El auto se detuvo frente a una casa, a mitad de cuadra. Colgaban cintas amarillas de precaución por todos lados. Había muchos policías, varios vehículos patrulleros.
Un hombre gordo se bajó del auto, es un hombre de mejillas gordas, con una barba como un candado en torno a la boca y fumaba. Tenía el cigarrillo colgando de los labios, una gran pila de ceniza colgando del cigarrillo.
Entró en la casa, la camisa de afuera bamboleándose como si fuesen los flecos de un vestido. El piso crujía bajo los zapatos opacos, desgastados, casi tan desgastados como ese piso de madera, lleno de astillas, de grietas. Había olor a incienso en la casa, muchas imágenes de santos y vírgenes.
Sobre la mesa unos bizcochos, un mate usado, un termo; el hombre de las mejillas gordas, o Nicolás, tomó uno y se lo metió y le dio un mordisco. Masticando el bizcocho entró en la habitación.
Sobre el piso, sobre una alfombra, sobre un gran charco de sangre, una mujer de sesenta años, gorda, acostada. No respiraba. Tenía la cara fruncida hacia un costado, tajos en la espalda descubierta.

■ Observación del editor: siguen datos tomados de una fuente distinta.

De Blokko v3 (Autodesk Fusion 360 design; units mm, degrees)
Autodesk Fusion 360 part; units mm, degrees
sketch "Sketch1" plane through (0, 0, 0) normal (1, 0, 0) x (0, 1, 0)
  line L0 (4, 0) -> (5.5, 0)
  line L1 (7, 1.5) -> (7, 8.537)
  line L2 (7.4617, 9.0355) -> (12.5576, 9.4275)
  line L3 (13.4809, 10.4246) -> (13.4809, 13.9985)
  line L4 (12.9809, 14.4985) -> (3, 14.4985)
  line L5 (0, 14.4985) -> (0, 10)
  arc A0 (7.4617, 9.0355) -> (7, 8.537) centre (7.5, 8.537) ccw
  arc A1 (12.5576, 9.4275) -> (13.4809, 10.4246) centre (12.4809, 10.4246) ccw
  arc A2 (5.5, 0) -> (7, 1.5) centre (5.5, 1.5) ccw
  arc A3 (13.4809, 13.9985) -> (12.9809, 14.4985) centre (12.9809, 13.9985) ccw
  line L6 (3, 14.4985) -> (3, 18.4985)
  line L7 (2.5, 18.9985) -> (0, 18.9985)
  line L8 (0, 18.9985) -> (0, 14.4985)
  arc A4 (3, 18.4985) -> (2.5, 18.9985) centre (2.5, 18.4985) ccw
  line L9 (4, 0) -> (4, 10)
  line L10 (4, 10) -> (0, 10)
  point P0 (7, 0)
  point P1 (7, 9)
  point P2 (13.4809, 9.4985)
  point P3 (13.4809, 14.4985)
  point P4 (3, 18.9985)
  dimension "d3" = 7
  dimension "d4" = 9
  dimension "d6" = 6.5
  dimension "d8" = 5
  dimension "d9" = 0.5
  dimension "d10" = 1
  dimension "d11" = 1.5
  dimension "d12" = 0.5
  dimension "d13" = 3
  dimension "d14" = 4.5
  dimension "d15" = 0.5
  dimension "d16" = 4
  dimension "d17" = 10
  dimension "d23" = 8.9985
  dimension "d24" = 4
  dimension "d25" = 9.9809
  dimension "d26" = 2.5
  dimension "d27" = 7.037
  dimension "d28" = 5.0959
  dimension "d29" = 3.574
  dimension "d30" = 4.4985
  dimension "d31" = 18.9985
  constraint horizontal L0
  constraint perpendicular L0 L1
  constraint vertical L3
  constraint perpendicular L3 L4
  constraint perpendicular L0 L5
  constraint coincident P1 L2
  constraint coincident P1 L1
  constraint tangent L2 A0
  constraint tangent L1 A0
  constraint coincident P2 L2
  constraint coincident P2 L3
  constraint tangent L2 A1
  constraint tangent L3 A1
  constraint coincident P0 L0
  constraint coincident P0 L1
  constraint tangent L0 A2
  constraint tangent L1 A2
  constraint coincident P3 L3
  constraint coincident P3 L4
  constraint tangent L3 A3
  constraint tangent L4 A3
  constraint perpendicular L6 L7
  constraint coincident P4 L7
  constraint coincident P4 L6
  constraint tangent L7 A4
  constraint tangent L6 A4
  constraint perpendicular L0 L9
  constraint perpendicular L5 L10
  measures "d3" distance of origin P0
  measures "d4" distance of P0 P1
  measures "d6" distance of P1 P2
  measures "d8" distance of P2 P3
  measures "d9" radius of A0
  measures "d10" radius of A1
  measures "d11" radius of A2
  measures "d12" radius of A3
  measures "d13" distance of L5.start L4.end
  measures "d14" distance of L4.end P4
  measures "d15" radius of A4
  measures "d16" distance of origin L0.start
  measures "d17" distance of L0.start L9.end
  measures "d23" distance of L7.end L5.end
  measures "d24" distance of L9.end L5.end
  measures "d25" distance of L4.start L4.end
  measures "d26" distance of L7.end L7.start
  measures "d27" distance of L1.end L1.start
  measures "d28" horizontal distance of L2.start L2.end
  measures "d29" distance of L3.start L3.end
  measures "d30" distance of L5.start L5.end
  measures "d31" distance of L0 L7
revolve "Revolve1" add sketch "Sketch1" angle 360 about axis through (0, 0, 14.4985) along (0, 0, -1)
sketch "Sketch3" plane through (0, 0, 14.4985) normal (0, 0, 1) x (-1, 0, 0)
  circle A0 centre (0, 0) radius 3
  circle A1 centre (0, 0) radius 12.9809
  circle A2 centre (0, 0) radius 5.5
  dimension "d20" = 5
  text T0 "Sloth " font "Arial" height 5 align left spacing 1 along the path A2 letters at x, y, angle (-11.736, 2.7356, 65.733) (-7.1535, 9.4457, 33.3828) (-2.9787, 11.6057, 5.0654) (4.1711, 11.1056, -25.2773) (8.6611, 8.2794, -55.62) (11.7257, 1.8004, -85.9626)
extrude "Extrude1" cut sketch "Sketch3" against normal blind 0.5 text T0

- era curandera - dijo un oficial
- no pudo predecir su propia muerte – dijo Nicolás
- Cristo tampoco pudo salvarse de su cruz, o no quiso
- es verdad
- es que no entendemos nada
- no entendemos nada – dijo el hombre de las mejillas gordas y después agregó – llame a los peritos y el fotógrafo, yo me encargaré del informe ¿qué es ese olor a meo?
- el tipo, el asesino parece haber meado el cuerpo de la gorda
Nicolás salió de la habitación, en la cocina tomó otro bizcocho, masticando, atravesó la puerta hacia la calle. El calor le pegó un sopapo en la cara. Se abrió unos botones más de la camisa.
A las cinco de la tarde debía encontrarse con su ex mujer, no faltaba mucho. Subió al auto y se alejó manejando despacio.
Sabía que encontrarse con su ex mujer era recibir demandas, quejas, algún beso y caricias también, casi como cuando estaban casados. Se detuvo en la esquina, un joven había tropezado en el cordón, estaba tirado en el piso.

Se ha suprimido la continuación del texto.